Now I have to come clean here. When I say this, what I should have said is ideally, the predicate module does that. We'll come onto that as the at the end of my honesty moment. So the results that we got from this are, we applied this to a number of tasks which I called the relations game. Which were about determining whether certain propositions, certain properties, held between the various objects, relational properties between the various objects in a scene. And it did very well on this and outperformed the baselines, including the relation mask, and the [? multi-layer ?] attention, and so on.

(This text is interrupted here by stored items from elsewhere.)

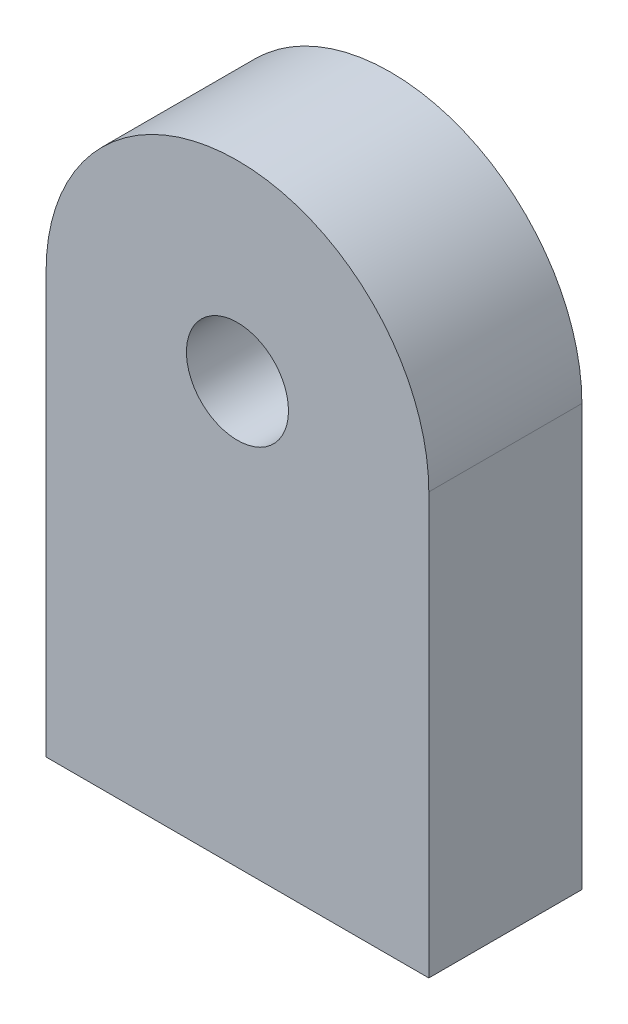
SolidWorks part; units mm, degrees
ref_plane "Front Plane" through (0, 0, 0) normal (0, 0, 1) x (1, 0, 0)
ref_plane "Top Plane" through (0, 0, 0) normal (0, 1, 0) x (1, 0, 0)
ref_plane "Right Plane" through (0, 0, 0) normal (1, 0, 0) x (0, 0, -1)
sketch "Sketch2" plane through (0, 0, 0) normal (0, 0, 1) x (1, 0, 0)
  circle A0 centre (0, 0) radius 15
  circle A1 centre (0, 0) radius 11
  dimension "D1" = 30
  dimension "D2" = 22
extrude "Boss-Extrude1" add sketch "Sketch2" along normal blind 4
sketch "Sketch3" plane through (0, 0, 4) normal (0, 0, 1) x (1, 0, 0)
  circle A0 centre (0, 0) radius 15
  circle A1 centre (0, 0) radius 4
  circle A2 centre (0, 0) radius 15 construction
  dimension "D1" = 8
  dimension "D2" = 0
extrude "Boss-Extrude2" add sketch "Sketch3" along normal blind 8
sketch "Sketch6" plane through (0, 0, 12) normal (0, 0, 1) x (1, 0, 0)
  line L0 (-15, 0) -> (-15, -33)
  line L1 (15, 0) -> (15, -33)
  line L2 (15, -33) -> (-15, -33)
  circle A0 centre (0, 0) radius 15 construction
  circle A2 centre (0, 0) radius 15
  arc A3 (-15, 0) -> (15, 0) centre (0, 0) ccw
  dimension "D1" = 33
  dimension "D2" = 0
extrude "Boss-Extrude5" add sketch "Sketch6" against normal blind 12
sketch "Sketch7" plane through (0, -33, 0) normal (0, -1, 0) x (1, 0, 0)
  line L0 (15, 0) -> (15, 12) construction
  line L1 (-15, 0) -> (-15, 12) construction
  line L2 (-15, 12) -> (15, 12) construction
  circle A0 centre (7, 6) radius 3
  circle A1 centre (-7, 6) radius 3
  dimension "D1" = 6
  dimension "D4" = 6
  dimension "D2" = 8
  dimension "D3" = 8
  dimension "D5" = 6
  dimension "D6" = 6
extrude "Cut-Extrude1" cut sketch "Sketch7" against normal blind 14
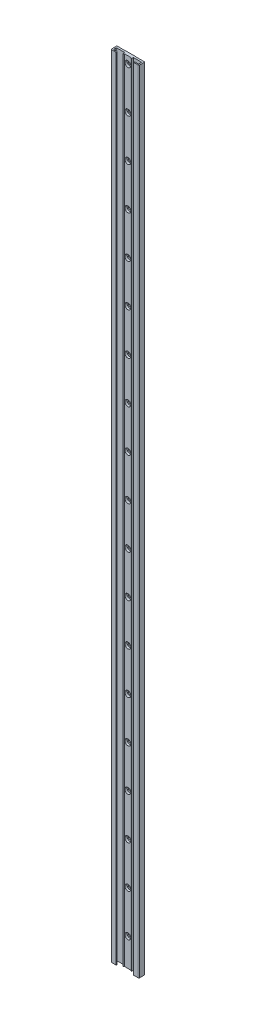
SolidWorks part; units mm, degrees
ref_plane "Front Plane" through (0, 0, 0) normal (0, 0, 1) x (1, 0, 0)
ref_plane "Top Plane" through (0, 0, 0) normal (0, 1, 0) x (1, 0, 0)
ref_plane "Right Plane" through (0, 0, 0) normal (1, 0, 0) x (0, 0, -1)
ref_plane "Plane4" through (0, 0, 8.7) normal (0, 0, 1) x (1, 0, 0)
sketch "Sketch1" plane through (0, 0, 8.7) normal (0, 0, 1) x (1, 0, 0)
  line L0 (-20, 0) -> (20, 0)
  line L1 (20, 0) -> (20, 1130.3)
  line L2 (20, 1130.3) -> (-20, 1130.3)
  line L3 (-20, 1130.3) -> (-20, 0)
  dimension "D1" = 1130.3
extrude "Boss-Extrude1" add sketch "Sketch1" against normal blind 8.7
sketch "Sketch2" plane through (0, 0, 0) normal (0, -1, 0) x (1, 0, 0)
  line L0 (12.5, 8.7) -> (-12.5, 8.7)
  line L1 (-12.5, 8.7) -> (-12.5, 7.2)
  line L2 (-12.5, 7.2) -> (-18, 7.2)
  line L3 (-18, 7.2) -> (-18, 2.8)
  line L4 (-18, 2.8) -> (-6.3, 2.8)
  line L5 (-6.3, 2.8) -> (-6.3, 5.5)
  line L6 (-6.3, 5.5) -> (-4.75, 5.5)
  line L7 (-4.75, 5.5) -> (-4.75, 4.5)
  line L8 (-4.75, 4.5) -> (4.75, 4.5)
  line L9 (4.75, 4.5) -> (4.75, 5.5)
  line L10 (4.75, 5.5) -> (6.3, 5.5)
  line L11 (6.3, 5.5) -> (6.3, 2.8)
  line L12 (6.3, 2.8) -> (18, 2.8)
  line L13 (18, 2.8) -> (18, 7.2)
  line L14 (18, 7.2) -> (12.5, 7.2)
  line L15 (12.5, 7.2) -> (12.5, 8.7)
extrude "Cut-Extrude1" cut sketch "Sketch2" against normal through all
sketch "Sketch3" plane through (0, 0, 0) normal (0, -1, 0) x (1, 0, 0)
  line L0 (8, 0.2) -> (8, 0)
  line L1 (8, 0) -> (20, 0)
  line L2 (20, 0) -> (20, 0.2)
  line L3 (20, 0.2) -> (8, 0.2)
extrude "Cut-Extrude2" cut sketch "Sketch3" against normal through all
sketch "Sketch4" plane through (0, 0, 0) normal (0, -1, 0) x (1, 0, 0)
  line L0 (-8, 0) -> (-8, 0.2)
  line L1 (-8, 0.2) -> (-20, 0.2)
  line L2 (-20, 0.2) -> (-20, 0)
  line L3 (-20, 0) -> (-8, 0)
extrude "Cut-Extrude3" cut sketch "Sketch4" against normal through all
draft "Draft1" type of draft neutral plane draft angle 45 faces to draft 2 face at (4.75, 565.15, 5) face at (-4.75, 565.15, 5) neutral plane through (-4.75, 1130.3, 4.5) neutral plane normal (0, 0, 1) parameters "D1"=45
hole_wizard "CBORE for M4 Hex Head Machine Screw1" positions "Sketch6" profile "Sketch5" counterbore size "M4" standard "ANSI Metric"
sketch "Sketch6" plane through (0, 0, 4.5) normal (0, 0, 1) x (1, 0, 0)
  point P0 (0, 160)
  point P1 (0, 100)
  point P2 (0, 40)
  point P12 (0, 220)
  point P13 (0, 280)
  point P14 (0, 340)
  point P15 (0, 400)
  point P16 (0, 460)
  point P17 (0, 520)
  point P18 (0, 580)
  point P19 (0, 640)
  point P20 (0, 700)
  point P21 (0, 760)
  point P22 (0, 820)
  point P23 (0, 880)
  point P24 (0, 940)
  point P25 (0, 1000)
  point P26 (0, 1060)
  point P27 (0, 1120)
  point P28 (0, 1180)
  dimension "D1" = 18
sketch "Sketch5" plane through (0, 160, 4.5) normal (1, 0, 0) x (0, -1, 0)
  line L0 (0, 0) -> (0, 4.5)
  line L1 (0, 4.5) -> (2.25, 4.5)
  line L3 (2.25, 4.5) -> (2.25, 3.1)
  line L4 (2.25, 3.1) -> (4.25, 3.1)
  line L5 (4.25, 3.1) -> (4.25, 0)
  line L7 (4.25, 0) -> (0, 0)
  line L11 (0, -6.35) -> (0, 107.95) construction
  dimension "Thru Hole Dia." = 4.5
  dimension "Thru Hole Depth" = 4.5
  dimension "C'Bore Dia." = 8.5
  dimension "C'Bore Depth" = 3.1
fillet "Fillet1" radius 0.5 6 edges at (-18, 565.15, 7.2) (-18, 565.15, 2.8) (-20, 565.15, 0.2) (18, 565.15, 7.2) (20, 565.15, 0.2) (18, 565.15, 2.8)
fillet "Fillet2" radius 1 2 edges at (20, 565.15, 8.7) (-20, 565.15, 8.7)
ref_plane "Mid_Plane" through (0, 0, 0) normal (1, 0, 0) x (0, 0, -1)
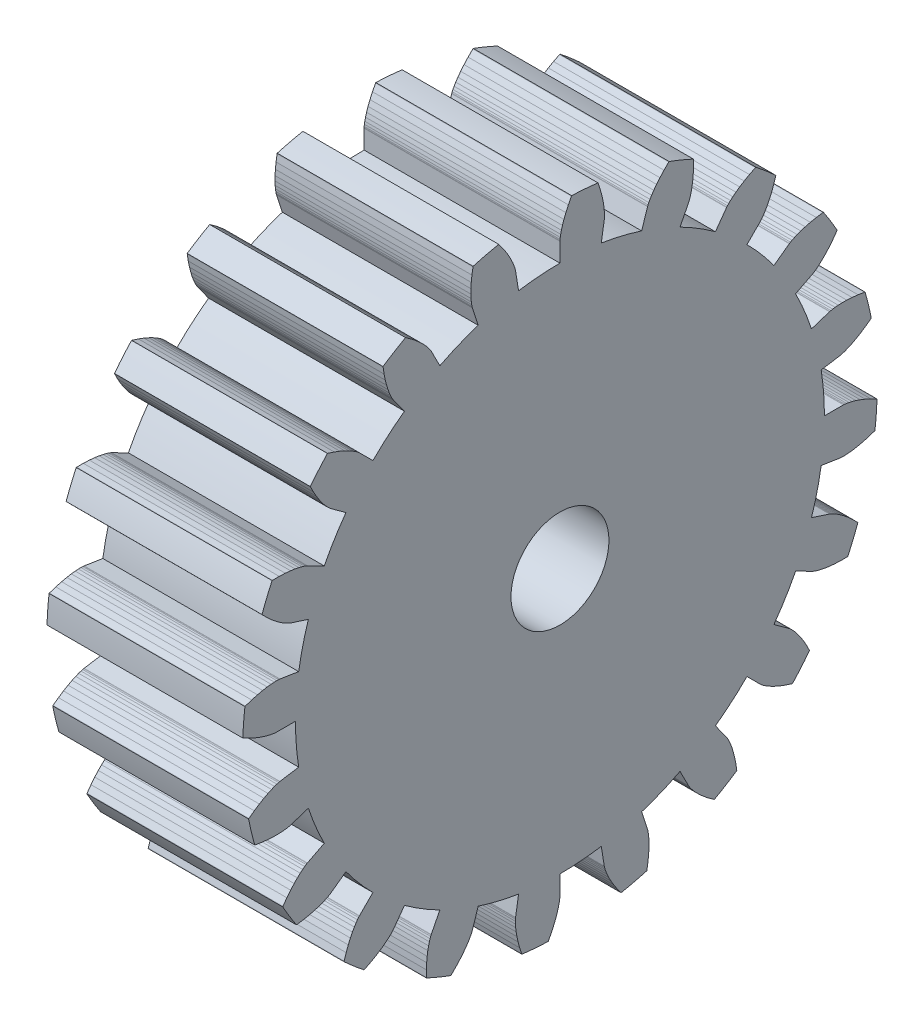
SolidWorks part; units mm, degrees
ref_plane "Front Plane" through (0, 0, 0) normal (0, 0, 1) x (1, 0, 0)
ref_plane "Top Plane" through (0, 0, 0) normal (0, 1, 0) x (1, 0, 0)
ref_plane "Right Plane" through (0, 0, 0) normal (1, 0, 0) x (0, 0, -1)
ref_plane "Plane1" through (12.7, 0, 0) normal (1, 0, 0) x (0, 0, -1)
sketch "Sketch1" plane through (12.7, 0, 0) normal (1, 0, 0) x (0, 0, -1)
  line L0 (2.6828, 16.9386) -> (2.8755, 18.1554)
  line L1 (2.8755, 18.1554) -> (2.8784, 18.1782)
  line L2 (2.8784, 18.1782) -> (2.8838, 18.2469)
  line L3 (2.8838, 18.2469) -> (2.8873, 18.3618)
  line L4 (2.8873, 18.3618) -> (2.8843, 18.5225)
  line L5 (2.8843, 18.5225) -> (2.87, 18.7288)
  line L6 (2.87, 18.7288) -> (2.8401, 18.9798)
  line L7 (2.8401, 18.9798) -> (2.79, 19.2742)
  line L8 (2.79, 19.2742) -> (2.7153, 19.6106)
  line L9 (2.7153, 19.6106) -> (2.6117, 19.9872)
  line L10 (2.6117, 19.9872) -> (2.4751, 20.4018)
  line L11 (2.4751, 20.4018) -> (2.4659, 20.4257)
  line L12 (0.7598, 20.56) -> (0.7469, 20.5378)
  line L13 (0.7469, 20.5378) -> (0.5471, 20.1497)
  line L14 (0.5471, 20.1497) -> (0.3859, 19.794)
  line L15 (0.3859, 19.794) -> (0.2595, 19.4734)
  line L16 (0.2595, 19.4734) -> (0.164, 19.1904)
  line L17 (0.164, 19.1904) -> (0.0951, 18.9472)
  line L18 (0.0951, 18.9472) -> (0.0488, 18.7457)
  line L19 (0.0488, 18.7457) -> (0.0206, 18.5874)
  line L20 (0.0206, 18.5874) -> (0.0061, 18.4734)
  line L21 (0.0061, 18.4734) -> (0.0008, 18.4047)
  line L22 (0.0008, 18.4047) -> (0, 18.3817)
  line L23 (0, 18.3817) -> (0, 17.1498)
  line L24 (-2.6828, 16.9386) -> (-2.8755, 18.1554)
  line L25 (-2.8755, 18.1554) -> (-2.8799, 18.178)
  line L26 (-2.8799, 18.178) -> (-2.8959, 18.245)
  line L27 (-2.8959, 18.245) -> (-2.9281, 18.3553)
  line L28 (-2.9281, 18.3553) -> (-2.9807, 18.5073)
  line L29 (-2.9807, 18.5073) -> (-3.058, 18.6991)
  line L30 (-3.058, 18.6991) -> (-3.164, 18.9285)
  line L31 (-3.164, 18.9285) -> (-3.3026, 19.193)
  line L32 (-3.3026, 19.193) -> (-3.4776, 19.4899)
  line L33 (-3.4776, 19.4899) -> (-3.6925, 19.8161)
  line L34 (-3.6925, 19.8161) -> (-3.9506, 20.1681)
  line L35 (-3.9506, 20.1681) -> (-3.9667, 20.188)
  line L36 (-5.6308, 19.7885) -> (-5.6362, 19.7634)
  line L37 (-5.6362, 19.7634) -> (-5.7063, 19.3326)
  line L38 (-5.7063, 19.3326) -> (-5.7497, 18.9444)
  line L39 (-5.7497, 18.9444) -> (-5.7708, 18.6005)
  line L40 (-5.7708, 18.6005) -> (-5.7742, 18.3018)
  line L41 (-5.7742, 18.3018) -> (-5.7645, 18.0493)
  line L42 (-5.7645, 18.0493) -> (-5.7463, 17.8433)
  line L43 (-5.7463, 17.8433) -> (-5.7242, 17.684)
  line L44 (-5.7242, 17.684) -> (-5.7028, 17.5712)
  line L45 (-5.7028, 17.5712) -> (-5.6866, 17.5041)
  line L46 (-5.6866, 17.5041) -> (-5.6803, 17.4821)
  line L47 (-5.6803, 17.4821) -> (-5.2996, 16.3104)
  line L48 (-7.7858, 15.2806) -> (-8.3451, 16.3782)
  line L49 (-8.3451, 16.3782) -> (-8.3562, 16.3984)
  line L50 (-8.3562, 16.3984) -> (-8.3922, 16.4572)
  line L51 (-8.3922, 16.4572) -> (-8.4569, 16.5521)
  line L52 (-8.4569, 16.5521) -> (-8.5539, 16.6804)
  line L53 (-8.5539, 16.6804) -> (-8.6866, 16.8389)
  line L54 (-8.6866, 16.8389) -> (-8.8583, 17.0243)
  line L55 (-8.8583, 17.0243) -> (-9.0719, 17.2331)
  line L56 (-9.0719, 17.2331) -> (-9.3301, 17.4614)
  line L57 (-9.3301, 17.4614) -> (-9.6353, 17.7051)
  line L58 (-9.6353, 17.7051) -> (-9.9895, 17.9602)
  line L59 (-9.9895, 17.9602) -> (-10.011, 17.9741)
  line L60 (-11.4702, 17.0799) -> (-11.4676, 17.0545)
  line L61 (-11.4676, 17.0545) -> (-11.4011, 16.6231)
  line L62 (-11.4011, 16.6231) -> (-11.3224, 16.2405)
  line L63 (-11.3224, 16.2405) -> (-11.2362, 15.9068)
  line L64 (-11.2362, 15.9068) -> (-11.1472, 15.6217)
  line L65 (-11.1472, 15.6217) -> (-11.0599, 15.3845)
  line L66 (-11.0599, 15.3845) -> (-10.9789, 15.1943)
  line L67 (-10.9789, 15.1943) -> (-10.9087, 15.0496)
  line L68 (-10.9087, 15.0496) -> (-10.8534, 14.9489)
  line L69 (-10.8534, 14.9489) -> (-10.8174, 14.8902)
  line L70 (-10.8174, 14.8902) -> (-10.8045, 14.8711)
  line L71 (-10.8045, 14.8711) -> (-10.0804, 13.8744)
  line L72 (-12.1267, 12.1267) -> (-12.9978, 12.9978)
  line L73 (-12.9978, 12.9978) -> (-13.0146, 13.0135)
  line L74 (-13.0146, 13.0135) -> (-13.067, 13.0583)
  line L75 (-13.067, 13.0583) -> (-13.1578, 13.1287)
  line L76 (-13.1578, 13.1287) -> (-13.2897, 13.2207)
  line L77 (-13.2897, 13.2207) -> (-13.465, 13.3304)
  line L78 (-13.465, 13.3304) -> (-13.6856, 13.4537)
  line L79 (-13.6856, 13.4537) -> (-13.9532, 13.5863)
  line L80 (-13.9532, 13.5863) -> (-14.2693, 13.7236)
  line L81 (-14.2693, 13.7236) -> (-14.6349, 13.8611)
  line L82 (-14.6349, 13.8611) -> (-15.0506, 13.9943)
  line L83 (-15.0506, 13.9943) -> (-15.0753, 14.0009)
  line L84 (-16.1868, 12.6995) -> (-16.1764, 12.6761)
  line L85 (-16.1764, 12.6761) -> (-15.9799, 12.2863)
  line L86 (-15.9799, 12.2863) -> (-15.7868, 11.9468)
  line L87 (-15.7868, 11.9468) -> (-15.6018, 11.6561)
  line L88 (-15.6018, 11.6561) -> (-15.429, 11.4125)
  line L89 (-15.429, 11.4125) -> (-15.2727, 11.2139)
  line L90 (-15.2727, 11.2139) -> (-15.1369, 11.0579)
  line L91 (-15.1369, 11.0579) -> (-15.0254, 10.9421)
  line L92 (-15.0254, 10.9421) -> (-14.9417, 10.8634)
  line L93 (-14.9417, 10.8634) -> (-14.8893, 10.8186)
  line L94 (-14.8893, 10.8186) -> (-14.8711, 10.8045)
  line L95 (-14.8711, 10.8045) -> (-13.8744, 10.0804)
  line L96 (-15.2806, 7.7858) -> (-16.3782, 8.3451)
  line L97 (-16.3782, 8.3451) -> (-16.3991, 8.3549)
  line L98 (-16.3991, 8.3549) -> (-16.4627, 8.3813)
  line L99 (-16.4627, 8.3813) -> (-16.5708, 8.4201)
  line L100 (-16.5708, 8.4201) -> (-16.7247, 8.4669)
  line L101 (-16.7247, 8.4669) -> (-16.9253, 8.5171)
  line L102 (-16.9253, 8.5171) -> (-17.1732, 8.5662)
  line L103 (-17.1732, 8.5662) -> (-17.4687, 8.6095)
  line L104 (-17.4687, 8.6095) -> (-17.8118, 8.6424)
  line L105 (-17.8118, 8.6424) -> (-18.2019, 8.6603)
  line L106 (-18.2019, 8.6603) -> (-18.6384, 8.6585)
  line L107 (-18.6384, 8.6585) -> (-18.664, 8.6571)
  line L108 (-19.3189, 7.076) -> (-19.3018, 7.0569)
  line L109 (-19.3018, 7.0569) -> (-18.9945, 6.7469)
  line L110 (-18.9945, 6.7469) -> (-18.7059, 6.4837)
  line L111 (-18.7059, 6.4837) -> (-18.4401, 6.2644)
  line L112 (-18.4401, 6.2644) -> (-18.2005, 6.0861)
  line L113 (-18.2005, 6.0861) -> (-17.9905, 5.9455)
  line L114 (-17.9905, 5.9455) -> (-17.8131, 5.8392)
  line L115 (-17.8131, 5.8392) -> (-17.6713, 5.7634)
  line L116 (-17.6713, 5.7634) -> (-17.5674, 5.7144)
  line L117 (-17.5674, 5.7144) -> (-17.5037, 5.6881)
  line L118 (-17.5037, 5.6881) -> (-17.4821, 5.6803)
  line L119 (-17.4821, 5.6803) -> (-16.3104, 5.2996)
  line L120 (-16.9386, 2.6828) -> (-18.1554, 2.8755)
  line L121 (-18.1554, 2.8755) -> (-18.1782, 2.8784)
  line L122 (-18.1782, 2.8784) -> (-18.2469, 2.8838)
  line L123 (-18.2469, 2.8838) -> (-18.3618, 2.8873)
  line L124 (-18.3618, 2.8873) -> (-18.5225, 2.8843)
  line L125 (-18.5225, 2.8843) -> (-18.7288, 2.87)
  line L126 (-18.7288, 2.87) -> (-18.9798, 2.8401)
  line L127 (-18.9798, 2.8401) -> (-19.2742, 2.79)
  line L128 (-19.2742, 2.79) -> (-19.6106, 2.7153)
  line L129 (-19.6106, 2.7153) -> (-19.9872, 2.6117)
  line L130 (-19.9872, 2.6117) -> (-20.4018, 2.4751)
  line L131 (-20.4018, 2.4751) -> (-20.4257, 2.4659)
  line L132 (-20.56, 0.7598) -> (-20.5378, 0.7469)
  line L133 (-20.5378, 0.7469) -> (-20.1497, 0.5471)
  line L134 (-20.1497, 0.5471) -> (-19.794, 0.3859)
  line L135 (-19.794, 0.3859) -> (-19.4734, 0.2595)
  line L136 (-19.4734, 0.2595) -> (-19.1904, 0.164)
  line L137 (-19.1904, 0.164) -> (-18.9472, 0.0951)
  line L138 (-18.9472, 0.0951) -> (-18.7457, 0.0488)
  line L139 (-18.7457, 0.0488) -> (-18.5874, 0.0206)
  line L140 (-18.5874, 0.0206) -> (-18.4734, 0.0061)
  line L141 (-18.4734, 0.0061) -> (-18.4047, 0.0008)
  line L142 (-18.4047, 0.0008) -> (-18.3817, 0)
  line L143 (-18.3817, 0) -> (-17.1498, 0)
  line L144 (-16.9386, -2.6828) -> (-18.1554, -2.8755)
  line L145 (-18.1554, -2.8755) -> (-18.178, -2.8799)
  line L146 (-18.178, -2.8799) -> (-18.245, -2.8959)
  line L147 (-18.245, -2.8959) -> (-18.3553, -2.9281)
  line L148 (-18.3553, -2.9281) -> (-18.5073, -2.9807)
  line L149 (-18.5073, -2.9807) -> (-18.6991, -3.058)
  line L150 (-18.6991, -3.058) -> (-18.9285, -3.164)
  line L151 (-18.9285, -3.164) -> (-19.193, -3.3026)
  line L152 (-19.193, -3.3026) -> (-19.4899, -3.4776)
  line L153 (-19.4899, -3.4776) -> (-19.8161, -3.6925)
  line L154 (-19.8161, -3.6925) -> (-20.1681, -3.9506)
  line L155 (-20.1681, -3.9506) -> (-20.188, -3.9667)
  line L156 (-19.7885, -5.6308) -> (-19.7634, -5.6362)
  line L157 (-19.7634, -5.6362) -> (-19.3326, -5.7063)
  line L158 (-19.3326, -5.7063) -> (-18.9444, -5.7497)
  line L159 (-18.9444, -5.7497) -> (-18.6005, -5.7708)
  line L160 (-18.6005, -5.7708) -> (-18.3018, -5.7742)
  line L161 (-18.3018, -5.7742) -> (-18.0493, -5.7645)
  line L162 (-18.0493, -5.7645) -> (-17.8433, -5.7463)
  line L163 (-17.8433, -5.7463) -> (-17.684, -5.7242)
  line L164 (-17.684, -5.7242) -> (-17.5712, -5.7028)
  line L165 (-17.5712, -5.7028) -> (-17.5041, -5.6866)
  line L166 (-17.5041, -5.6866) -> (-17.4821, -5.6803)
  line L167 (-17.4821, -5.6803) -> (-16.3104, -5.2996)
  line L168 (-15.2806, -7.7858) -> (-16.3782, -8.3451)
  line L169 (-16.3782, -8.3451) -> (-16.3984, -8.3562)
  line L170 (-16.3984, -8.3562) -> (-16.4572, -8.3922)
  line L171 (-16.4572, -8.3922) -> (-16.5521, -8.4569)
  line L172 (-16.5521, -8.4569) -> (-16.6804, -8.5539)
  line L173 (-16.6804, -8.5539) -> (-16.8389, -8.6866)
  line L174 (-16.8389, -8.6866) -> (-17.0243, -8.8583)
  line L175 (-17.0243, -8.8583) -> (-17.2331, -9.0719)
  line L176 (-17.2331, -9.0719) -> (-17.4614, -9.3301)
  line L177 (-17.4614, -9.3301) -> (-17.7051, -9.6353)
  line L178 (-17.7051, -9.6353) -> (-17.9602, -9.9895)
  line L179 (-17.9602, -9.9895) -> (-17.9741, -10.011)
  line L180 (-17.0799, -11.4702) -> (-17.0545, -11.4676)
  line L181 (-17.0545, -11.4676) -> (-16.6231, -11.4011)
  line L182 (-16.6231, -11.4011) -> (-16.2405, -11.3224)
  line L183 (-16.2405, -11.3224) -> (-15.9068, -11.2362)
  line L184 (-15.9068, -11.2362) -> (-15.6217, -11.1472)
  line L185 (-15.6217, -11.1472) -> (-15.3845, -11.0599)
  line L186 (-15.3845, -11.0599) -> (-15.1943, -10.9789)
  line L187 (-15.1943, -10.9789) -> (-15.0496, -10.9087)
  line L188 (-15.0496, -10.9087) -> (-14.9489, -10.8534)
  line L189 (-14.9489, -10.8534) -> (-14.8902, -10.8174)
  line L190 (-14.8902, -10.8174) -> (-14.8711, -10.8045)
  line L191 (-14.8711, -10.8045) -> (-13.8744, -10.0804)
  line L192 (-12.1267, -12.1267) -> (-12.9978, -12.9978)
  line L193 (-12.9978, -12.9978) -> (-13.0135, -13.0146)
  line L194 (-13.0135, -13.0146) -> (-13.0583, -13.067)
  line L195 (-13.0583, -13.067) -> (-13.1287, -13.1578)
  line L196 (-13.1287, -13.1578) -> (-13.2207, -13.2897)
  line L197 (-13.2207, -13.2897) -> (-13.3304, -13.465)
  line L198 (-13.3304, -13.465) -> (-13.4537, -13.6856)
  line L199 (-13.4537, -13.6856) -> (-13.5863, -13.9532)
  line L200 (-13.5863, -13.9532) -> (-13.7236, -14.2693)
  line L201 (-13.7236, -14.2693) -> (-13.8611, -14.6349)
  line L202 (-13.8611, -14.6349) -> (-13.9943, -15.0506)
  line L203 (-13.9943, -15.0506) -> (-14.0009, -15.0753)
  line L204 (-12.6995, -16.1868) -> (-12.6761, -16.1764)
  line L205 (-12.6761, -16.1764) -> (-12.2863, -15.9799)
  line L206 (-12.2863, -15.9799) -> (-11.9468, -15.7868)
  line L207 (-11.9468, -15.7868) -> (-11.6561, -15.6018)
  line L208 (-11.6561, -15.6018) -> (-11.4125, -15.429)
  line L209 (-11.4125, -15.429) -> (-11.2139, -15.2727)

So this is where the shortcomings come in. The truth is that the relations learned by the [? PrediNet ?] are usually not as crisp and interpretable as we would like. In typical deep learning fashion, the network would learn some cheating way of representing an object, which would smuggle in an encoding of the answer somewhere.
And then it would exploit that encoding of the answer at the final stage. And you'd be scratching your head to understand how it had managed to do this. Because the nice clean beautiful interpretation of the output, in terms of propositions, and relations, and objects, was often very obscure.
So the truth is that although it worked very well and outperformed the baselines, it didn't quite do what I wanted it to do. And so building networks that do, that produce properly interpretable, meaningful, and explicitly structured representations is still an outstanding problem, I think.
Just a quick mention of my ongoing work. So I'm very interested in this whole question of these curricula of tasks for acquiring common sense concepts. And that's work I'm doing with Ben Beyret. I'm very interested also in these object-centric agent architectures, and Toni Creswell at DeepMind is working on that. And I'm also interested in architectures for continual learning, to have the modularity that I was talking about earlier. And Christos Kaplanis is working on that with me at DeepMind.
So thank you very much. I'll leave you with some required reading, which I'm embarrassed to say is all my own papers. But you can look up all those many other bits of work that I mentioned, by going back through the recording. So thank you very much indeed.